WHAT NEEDS TO BE DONE:
Reproduce exactly the lines from the start of the records through the line containing "note: some values", both included. Leave the pictures out.

+ + +

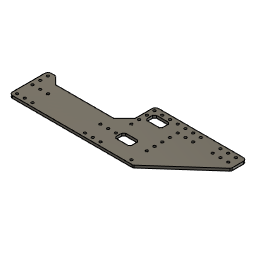
Parametric_z_plates_v9 (Autodesk Fusion 360 design; units mm, degrees)
Autodesk Fusion 360 part; units mm, degrees
note: some values were not read from the file. Set by a fixed rule: which sketch regions a step uses.
sketch "Sketch1" plane through (0, 0, 0) normal (0, 1, 0) x (1, 0, 0)
  line L0 (0, 0) -> (155, 0)
  line L1 (0, 0) -> (-100, 0)
  line L2 (0, 0) -> (0, 80)
  line L3 (0, 80) -> (-100, 80)
  line L4 (-100, 80) -> (-100, 0)
  line L5 (-100, 0) -> (-165, 0)
  line L6 (-165, 0) -> (-165, 80)
  line L7 (-125, 80) -> (-100, 80)
  line L8 (0, 80) -> (155, 80)
  line L9 (155, 80) -> (155, 0)
  line L10 (155, 80) -> (53, 80)
  line L11 (53, 80) -> (53, 160)
  line L12 (53, 160) -> (289.5, 160)
  line L13 (289.5, 160) -> (289.5, 120)
  line L14 (155, 80) -> (53, 80)
  line L15 (289.5, 120) -> (155, 120)
  line L16 (155, 120) -> (155, 80)
  line L17 (289.5, 120) -> (155, 0)
  line L18 (-165, 0) -> (-165, 100)
  line L19 (-165, 100) -> (-145, 100)
  line L20 (-145, 100) -> (-125, 80)
  line L21 (50.8, 80) -> (0, 80)
  line L22 (25.4, 80) -> (53, 107.6)
  dimension "d4" = 155
  dimension "d5" = 100
  dimension "d6" = 65
  dimension "d7" = 102
  dimension "d8" = 236.5
  dimension "d11" = 40
  dimension "d13" = 40
  dimension "d14" = 20
  dimension "d15" = 80
  dimension "d16" = 45
  constraint coincident L0.start L1.start
  constraint horizontal L0
  constraint parallel L0 L1
  constraint perpendicular L0 L2
  constraint perpendicular L2 L3
  constraint perpendicular L1 L4
  constraint perpendicular L4 L5
  constraint perpendicular L1 L6
  constraint perpendicular L4 L7
  constraint perpendicular L4 L8
  constraint perpendicular L8 L9
  constraint coincident L8 L10.end
  constraint perpendicular L10 L11
  constraint perpendicular L9 L12
  constraint perpendicular L12 L13
  constraint perpendicular L13 L14
  constraint perpendicular L9 L15
  constraint perpendicular L15 L16
  constraint perpendicular L15 L18
  constraint perpendicular L18 L19
  constraint coincident L8 L21.start
  constraint perpendicular L2 L21
  constraint midpoint L21 L22.start
  constraint coincident L11 L22.end
  measures "d4" distance of L0.start L0.end
  measures "d5" distance of L0.start L1.end
  measures "d6" distance of L1.end L5.end
  measures "d7" distance of L8.end L10.end
  measures "d8" distance of L11.end L12.end
  measures "d11" distance of L12.end L13.end
  measures "d13" distance of L18 L7.start
  measures "d14" distance of L18.end L19.end
  measures "d15" distance of L10.end L11.end
  measures "d16" angle of L21 L22
extrude "Extrude1" add sketch "Sketch1" along normal blind 6.3
fillet "Fillet1" radius 8.5 2 edges at (289.5, 3.15, -160) (53, 3.15, -160)
fillet "Fillet2" radius 8 2 edges at (-165, 3.15, 0) (-165, 3.15, -100)
sketch "Sketch2" plane through (0, 6.3, 0) normal (0, 1, 0) x (-1, 0, 0)
  arc A0 (157, -100) -> (165, -92) centre (157, -92) ccw
  line L0 (165, -92) -> (165, -8)
  arc A1 (165, -8) -> (157, 0) centre (157, -8) ccw
  line L1 (157, 0) -> (-155, 0)
  line L2 (-155, 0) -> (-289.5, -120)
  line L3 (-289.5, -120) -> (-289.5, -151.5)
  arc A2 (-289.5, -151.5) -> (-281, -160) centre (-281, -151.5) ccw
  line L4 (-281, -160) -> (-61.5, -160)
  arc A3 (-61.5, -160) -> (-53, -151.5) centre (-61.5, -151.5) ccw
  line L5 (-53, -151.5) -> (-53, -107.6)
  line L6 (-53, -107.6) -> (-25.4, -80)
  line L7 (-25.4, -80) -> (125, -80)
  line L8 (125, -80) -> (145, -100)
  line L9 (145, -100) -> (157, -100)
  circle A4 centre (155, -10) radius 3.1
  circle A5 centre (135, -10) radius 3.1
  circle A6 centre (115, -10) radius 3.1
  circle A7 centre (155, -50) radius 3.1
  circle A8 centre (135, -50) radius 3.1
  circle A9 centre (115, -50) radius 3.1
  circle A10 centre (155, -70) radius 3.1
  circle A11 centre (155, -90) radius 3.1
  line L10 (0, 0) -> (0, -80)
  circle A12 centre (-21, -10) radius 3.1
  line L11 (0, 0) -> (-155, 0)
  circle A13 centre (-41, -10) radius 3.1
  circle A14 centre (-61, -10) radius 3.1
  circle A15 centre (-21, -50) radius 3.1
  circle A16 centre (-41, -50) radius 3.1
  circle A17 centre (-61, -50) radius 3.1
  circle A18 centre (-61, -90) radius 3.1
  circle A19 centre (-61, -110) radius 3.1
  circle A20 centre (-61, -130) radius 3.1
  circle A21 centre (-61, -150) radius 3.1
  circle A22 centre (-81, -150) radius 3.1
  circle A23 centre (-101, -150) radius 3.1
  circle A24 centre (-121, -150) radius 3.1
  circle A25 centre (-141, -150) radius 3.1
  circle A26 centre (-141, -130) radius 3.1
  circle A27 centre (-141, -110) radius 3.1
  circle A28 centre (-141, -90) radius 3.1
  circle A29 centre (-141, -70) radius 3.1
  circle A30 centre (-141, -50) radius 3.1
  circle A31 centre (-161, -150) radius 3.1
  circle A32 centre (-161, -130) radius 3.1
  circle A33 centre (-181, -150) radius 3.1
  circle A34 centre (-181, -130) radius 3.1
  circle A35 centre (-271.5, -130) radius 3.1
  circle A36 centre (-271.5, -150) radius 3.1
  circle A37 centre (-251.5, -130) radius 3.1
  circle A38 centre (-251.5, -150) radius 3.1
  dimension "d21" = 6.2
  dimension "d22" = 10
  dimension "d23" = 10
  dimension "d26" = -40
  dimension "d27" = -40
  dimension "d30" = 0
  dimension "d31" = -40
  dimension "d32" = 6.2
  dimension "d33" = 10
  dimension "d34" = 21
  dimension "d37" = -40
  dimension "d38" = -40
  dimension "d41" = 0
  dimension "d42" = -40
  dimension "d45" = 0
  dimension "d46" = -60
  dimension "d49" = -60
  dimension "d50" = 0
  dimension "d53" = -20
  dimension "d54" = 0
  dimension "d57" = 0
  dimension "d58" = 100
  dimension "d61" = -40
  dimension "d62" = 0
  dimension "d72" = 18
  dimension "d73" = 18
  dimension "d74" = 20
  dimension "d75" = 20
  dimension "d111" = 6.2
  dimension "d112" = 6.2
  dimension "d113" = 6.2
  dimension "d114" = 6.2
  measures "d21" diameter of A4
  measures "d22" distance of L0 A4.centre
  measures "d23" distance of L1 A4.centre
  measures "d32" diameter of A12
  measures "d33" distance of A12.centre L11
  measures "d34" distance of L10 A12.centre
  measures "d72" distance of L3 A36.centre
  measures "d73" distance of L3 A35.centre
  measures "d74" distance of A35.centre A37.centre
  measures "d75" distance of A36.centre A38.centre
  measures "d111" diameter of A37
  measures "d112" diameter of A38
  measures "d113" diameter of A36
  measures "d114" diameter of A35
extrude "Extrude2" cut sketch "Sketch2" against normal through all contours A4 | A5 | A6 | A7 | A8 | A9 | A10 | A11 | A12 | A13 | A14 | A15 | A16 | A17 | A18 | A19 | A20 | A21 | A22 | A23 | A24 | A25 | A26 | A27 | A28 | A29 | A30 | A31 | A32 | A33 | A34 | A35 | A36 | A37 | A38
sketch "Sketch3" plane through (0, 6.3, 0) normal (0, 1, 0) x (-1, 0, 0)
  circle A0 centre (155, -50) radius 3.1
  circle A1 centre (135, -10) radius 3.1
  circle A2 centre (-21, -10) radius 3.1
  circle A3 centre (-61, -90) radius 3.1
  circle A4 centre (-81, -150) radius 3.1
  circle A5 centre (-141, -70) radius 3.1
  circle A6 centre (-141, -150) radius 3.1
  circle A7 centre (-181, -150) radius 3.1
  circle A8 centre (-271.5, -150) radius 3.1
  circle A9 centre (-251.5, -130) radius 3.1
  circle A10 centre (-161, -150) radius 3.1
  circle A11 centre (-141, -90) radius 3.1
  circle A12 centre (-101, -150) radius 3.1
  circle A13 centre (-61, -110) radius 3.1
  circle A14 centre (-41, -10) radius 3.1
  circle A15 centre (155, -10) radius 3.1
  circle A16 centre (115, -50) radius 3.1
  circle A17 centre (155, -70) radius 3.1
  circle A18 centre (115, -10) radius 3.1
  circle A19 centre (-21, -50) radius 3.1
  circle A20 centre (-61, -50) radius 3.1
  circle A21 centre (-61, -150) radius 3.1
  circle A22 centre (-141, -50) radius 3.1
  circle A23 centre (-141, -130) radius 3.1
  circle A24 centre (-181, -130) radius 3.1
  circle A25 centre (-271.5, -130) radius 3.1
  circle A26 centre (-251.5, -150) radius 3.1
  circle A27 centre (-161, -130) radius 3.1
  circle A28 centre (-141, -110) radius 3.1
  circle A29 centre (-121, -150) radius 3.1
  circle A30 centre (-61, -130) radius 3.1
  circle A31 centre (-61, -10) radius 3.1
  circle A32 centre (-41, -50) radius 3.1
  circle A33 centre (135, -50) radius 3.1
  circle A34 centre (155, -90) radius 3.1
  arc A35 (157, -100) -> (165, -92) centre (157, -92) ccw
  line L0 (165, -92) -> (165, -8)
  arc A36 (165, -8) -> (157, 0) centre (157, -8) ccw
  line L1 (157, 0) -> (-155, 0)
  line L2 (-155, 0) -> (-289.5, -120)
  line L3 (-289.5, -120) -> (-289.5, -151.5)
  arc A37 (-289.5, -151.5) -> (-281, -160) centre (-281, -151.5) ccw
  line L4 (-281, -160) -> (-61.5, -160)
  arc A38 (-61.5, -160) -> (-53, -151.5) centre (-61.5, -151.5) ccw
  line L5 (-53, -151.5) -> (-53, -107.6)
  line L6 (-53, -107.6) -> (-25.4, -80)
  line L7 (-25.4, -80) -> (125, -80)
  line L8 (125, -80) -> (145, -100)
  line L9 (145, -100) -> (157, -100)
  circle A39 centre (-271.5, -130.0092) radius 3.1
  circle A40 centre (-271.5, -150.0092) radius 3.1
  circle A41 centre (-231.5, -130) radius 3.1
  circle A42 centre (-231.5, -150) radius 3.1
  dimension "d76" = 6.2
  dimension "d77" = 6.2
  dimension "d78" = 20
  dimension "d79" = 20
  dimension "d106" = 20
  dimension "d107" = 0
  measures "d76" diameter of A39
  measures "d77" diameter of A40
  measures "d78" distance of A9.centre A39.centre
  measures "d79" distance of A26.centre A40.centre
extrude "Extrude3" cut sketch "Sketch3" against normal through all contours A8 A40 | A25 A39
sketch "Sketch4" plane through (0, 6.3, 0) normal (0, 1, 0) x (-1, 0, 0)
  circle A0 centre (155, -50) radius 3.1
  circle A1 centre (135, -10) radius 3.1
  circle A2 centre (-21, -10) radius 3.1
  circle A3 centre (-61, -90) radius 3.1
  circle A4 centre (-81, -150) radius 3.1
  circle A5 centre (-141, -70) radius 3.1
  circle A6 centre (-141, -150) radius 3.1
  circle A7 centre (-181, -150) radius 3.1
  circle A8 centre (-251.5, -130) radius 3.1
  circle A9 centre (-161, -150) radius 3.1
  circle A10 centre (-141, -90) radius 3.1
  circle A11 centre (-101, -150) radius 3.1
  circle A12 centre (-61, -110) radius 3.1
  circle A13 centre (-41, -10) radius 3.1
  circle A14 centre (155, -10) radius 3.1
  circle A15 centre (115, -50) radius 3.1
  circle A16 centre (155, -70) radius 3.1
  circle A17 centre (115, -10) radius 3.1
  circle A18 centre (-21, -50) radius 3.1
  circle A19 centre (-61, -50) radius 3.1
  circle A20 centre (-61, -150) radius 3.1
  circle A21 centre (-141, -50) radius 3.1
  circle A22 centre (-141, -130) radius 3.1
  circle A23 centre (-181, -130) radius 3.1
  circle A24 centre (-251.5, -150) radius 3.1
  circle A25 centre (-161, -130) radius 3.1
  circle A26 centre (-141, -110) radius 3.1
  circle A27 centre (-121, -150) radius 3.1
  circle A28 centre (-61, -130) radius 3.1
  circle A29 centre (-61, -10) radius 3.1
  circle A30 centre (-41, -50) radius 3.1
  circle A31 centre (135, -50) radius 3.1
  circle A32 centre (155, -90) radius 3.1
  arc A33 (157, -100) -> (165, -92) centre (157, -92) ccw
  line L0 (165, -92) -> (165, -8)
  arc A34 (165, -8) -> (157, 0) centre (157, -8) ccw
  line L1 (157, 0) -> (-155, 0)
  line L2 (-155, 0) -> (-289.5, -120)
  line L3 (-289.5, -120) -> (-289.5, -151.5)
  arc A35 (-289.5, -151.5) -> (-281, -160) centre (-281, -151.5) ccw
  line L4 (-281, -160) -> (-61.5, -160)
  arc A36 (-61.5, -160) -> (-53, -151.5) centre (-61.5, -151.5) ccw
  line L5 (-53, -151.5) -> (-53, -107.6)
  line L6 (-53, -107.6) -> (-25.4, -80)
  line L7 (-25.4, -80) -> (125, -80)
  line L8 (125, -80) -> (145, -100)
  line L9 (145, -100) -> (157, -100)
  line L10 (-74, -142) -> (-105, -142)
  line L11 (-109, -138) -> (-109, -122)
  line L12 (-105, -118) -> (-73, -118)
  line L13 (-69, -122) -> (-69, -137)
  line L14 (-69, -142) -> (-109, -118) construction
  line L15 (-109, -142) -> (-69, -118) construction
  line L16 (-69, -137) -> (-74, -142)
  line L17 (-69, -122) -> (-73, -118)
  line L18 (-109, -122) -> (-105, -118)
  line L19 (-109, -138) -> (-105, -142)
  line L20 (-105, -38) -> (-73, -38)
  line L21 (-109, -42) -> (-105, -38)
  line L22 (-109, -58) -> (-109, -42)
  line L23 (-109, -58) -> (-105, -62)
  line L24 (-74, -62) -> (-105, -62)
  line L25 (-69, -62) -> (-109, -38) construction
  line L26 (-69, -57) -> (-74, -62)
  line L27 (-69, -42) -> (-69, -57)
  line L28 (-69, -42) -> (-73, -38)
  arc A37 (-274.6, -150.0053) -> (-268.4, -150.0039) centre (-271.5, -150.0092) ccw
  arc A38 (-268.4, -150.0039) -> (-274.6, -150.0053) centre (-271.5, -150) ccw
  arc A39 (-274.6, -130.0053) -> (-268.4, -130.0039) centre (-271.5, -130.0092) ccw
  arc A40 (-268.4, -130.0039) -> (-274.6, -130.0053) centre (-271.5, -130) ccw
  point P0 (-89, -130)
  dimension "d81" = 40
  dimension "d82" = 24
  dimension "d83" = 16
  dimension "d84" = 18
  dimension "d85" = 5
  dimension "d86" = 5
  dimension "d87" = 4
  dimension "d88" = 4
  dimension "d89" = 4
  dimension "d90" = 4
  dimension "d91" = 4
  dimension "d92" = 4
  dimension "d95" = 0
  dimension "d96" = 80
  constraint horizontal L10
  constraint perpendicular L10 L11
  constraint parallel L10 L12
  constraint parallel L11 L13
  constraint coincident L14 P0
  constraint coincident L15 P0
  constraint coincident L14.start L13
  constraint coincident L14.start L10
  constraint coincident L15.end L13
  constraint coincident L15.end L12
  constraint coincident L14.end L11
  constraint coincident L14.end L12
  constraint coincident L15.start L11
  constraint coincident L15.start L10
  measures "d81" distance of L14.end L15.end
  measures "d82" distance of L15.start L14.end
  measures "d83" distance of L5 L13
  measures "d84" distance of L4 L10
  measures "d85" distance of L14.start L13.end
  measures "d86" distance of L14.start L10.start
  measures "d87" distance of L15.end L13.start
  measures "d88" distance of L15.end L12.end
  measures "d89" distance of L14.end L11.end
  measures "d90" distance of L14.end L12.start
  measures "d91" distance of L15.start L11.start
  measures "d92" distance of L15.start L10.end
extrude "Extrude4" cut sketch "Sketch4" against normal through all contours L10 L11 L12 L13 L16 L17 L18 L19 | L20 L21 L22 L23 L24 L26 L27 L28
fillet "Fillet3" radius 5 1 edges at (289.5, 3.15, -120)
fillet "Fillet4" radius 5 1 edges at (-145, 3.15, -100)
sketch "Sketch5" plane through (0, 6.3, 0) normal (0, 1, 0) x (-1, 0, 0)
  arc A0 (143.5355, -98.5355) -> (147.0711, -100) centre (147.0711, -95) ccw
  line L0 (147.0711, -100) -> (157, -100)
  arc A1 (157, -100) -> (165, -92) centre (157, -92) ccw
  line L1 (165, -92) -> (165, -8)
  arc A2 (165, -8) -> (157, 0) centre (157, -8) ccw
  line L2 (157, 0) -> (-155, 0)
  line L3 (-155, 0) -> (-287.8287, -118.5089)
  arc A3 (-287.8287, -118.5089) -> (-289.5, -122.2398) centre (-284.5, -122.2398) ccw
  line L4 (-289.5, -122.2398) -> (-289.5, -151.5)
  arc A4 (-289.5, -151.5) -> (-281, -160) centre (-281, -151.5) ccw
  line L5 (-281, -160) -> (-61.5, -160)
  arc A5 (-61.5, -160) -> (-53, -151.5) centre (-61.5, -151.5) ccw
  line L6 (-53, -151.5) -> (-53, -107.6)
  line L7 (-53, -107.6) -> (-25.4, -80)
  line L8 (-25.4, -80) -> (125, -80)
  line L9 (125, -80) -> (143.5355, -98.5355)
  line L10 (-73, -118) -> (-69, -122)
  line L11 (-69, -122) -> (-69, -137)
  line L12 (-69, -137) -> (-74, -142)
  line L13 (-74, -142) -> (-105, -142)
  line L14 (-105, -142) -> (-109, -138)
  line L15 (-109, -138) -> (-109, -122)
  line L16 (-109, -122) -> (-105, -118)
  line L17 (-105, -118) -> (-73, -118)
  line L18 (-105, -62) -> (-109, -58)
  line L19 (-109, -58) -> (-109, -42)
  line L20 (-109, -42) -> (-105, -38)
  line L21 (-105, -38) -> (-73, -38)
  line L22 (-73, -38) -> (-69, -42)
  line L23 (-69, -42) -> (-69, -57)
  line L24 (-69, -57) -> (-74, -62)
  line L25 (-74, -62) -> (-105, -62)
  circle A6 centre (155, -50) radius 3.1
  circle A7 centre (135, -10) radius 3.1
  circle A8 centre (-21, -10) radius 3.1
  circle A9 centre (-61, -90) radius 3.1
  circle A10 centre (-81, -150) radius 3.1
  circle A11 centre (-141, -70) radius 3.1
  circle A12 centre (-141, -150) radius 3.1
  circle A13 centre (-181, -150) radius 3.1
  circle A14 centre (-251.5, -130) radius 3.1
  circle A15 centre (-161, -150) radius 3.1
  circle A16 centre (-141, -90) radius 3.1
  circle A17 centre (-101, -150) radius 3.1
  circle A18 centre (-61, -110) radius 3.1
  circle A19 centre (-41, -10) radius 3.1
  circle A20 centre (155, -10) radius 3.1
  circle A21 centre (115, -50) radius 3.1
  circle A22 centre (155, -70) radius 3.1
  circle A23 centre (115, -10) radius 3.1
  circle A24 centre (-21, -50) radius 3.1
  circle A25 centre (-61, -50) radius 3.1
  circle A26 centre (-61, -150) radius 3.1
  circle A27 centre (-141, -50) radius 3.1
  circle A28 centre (-141, -130) radius 3.1
  circle A29 centre (-181, -130) radius 3.1
  circle A30 centre (-251.5, -150) radius 3.1
  circle A31 centre (-161, -130) radius 3.1
  circle A32 centre (-141, -110) radius 3.1
  circle A33 centre (-121, -150) radius 3.1
  circle A34 centre (-61, -130) radius 3.1
  circle A35 centre (-61, -10) radius 3.1
  circle A36 centre (-41, -50) radius 3.1
  circle A37 centre (135, -50) radius 3.1
  circle A38 centre (155, -90) radius 3.1
  line L26 (-61, -10) -> (-141, -10)
  line L27 (-141, -10) -> (-141, -50)
  circle A39 centre (-141, -10) radius 3.1
  arc A40 (-274.6, -130.0053) -> (-268.4, -130.0039) centre (-271.5, -130.0092) ccw
  arc A41 (-268.4, -130.0039) -> (-274.6, -130.0053) centre (-271.5, -130) ccw
  arc A42 (-274.6, -150.0053) -> (-268.4, -150.0039) centre (-271.5, -150.0092) ccw
  arc A43 (-268.4, -150.0039) -> (-274.6, -150.0053) centre (-271.5, -150) ccw
  dimension "d102" = 6.2
  constraint coincident A35.centre L26.start
  constraint parallel L2 L26
  constraint coincident A27.centre L27.end
  constraint perpendicular L26 L27
  constraint coincident L26.end L27.start
  measures "d102" diameter of A39
extrude "Extrude5" cut sketch "Sketch5" against normal through all contours L26 L27 A39 | L26 L27 A39
extrude "Extrude6" cut sketch "Sketch3" against normal through all contours A41 | A42
fillet "Fillet5" radius 5 1 edges at (155, 3.15, 0)
equation "Holes = 6.2 mm"
equation "Thickness = 6.3 mm"
equation "Hieight = 100 mm" comment "Z clearance"
equation "d5 = Hieight"
equation "d8 = Zrails"
equation "d9 = Thickness"
equation "Zrails = 236.5 mm" comment "Lenth of rails minus 13.5, Recommended not to go over 300mm"
equation "d21 = Holes"
equation "d32 = Holes"
equation "d76 = Holes"
equation "d77 = Holes"
equation "d86 = d85"
equation "d88 = d87"
equation "d90 = d89"
equation "d92 = d91"
equation "d102 = Holes"
equation "d111 = Holes"
equation "d112 = Holes"
equation "d113 = Holes"
equation "d114 = Holes"

+ + +

RESULT FOR THIS EXERCISE:
Parametric_z_plates_v9 (Autodesk Fusion 360 design; units mm, degrees)
Autodesk Fusion 360 part; units mm, degrees
note: some values were not read from the file. Set by a fixed rule: which sketch regions a step uses.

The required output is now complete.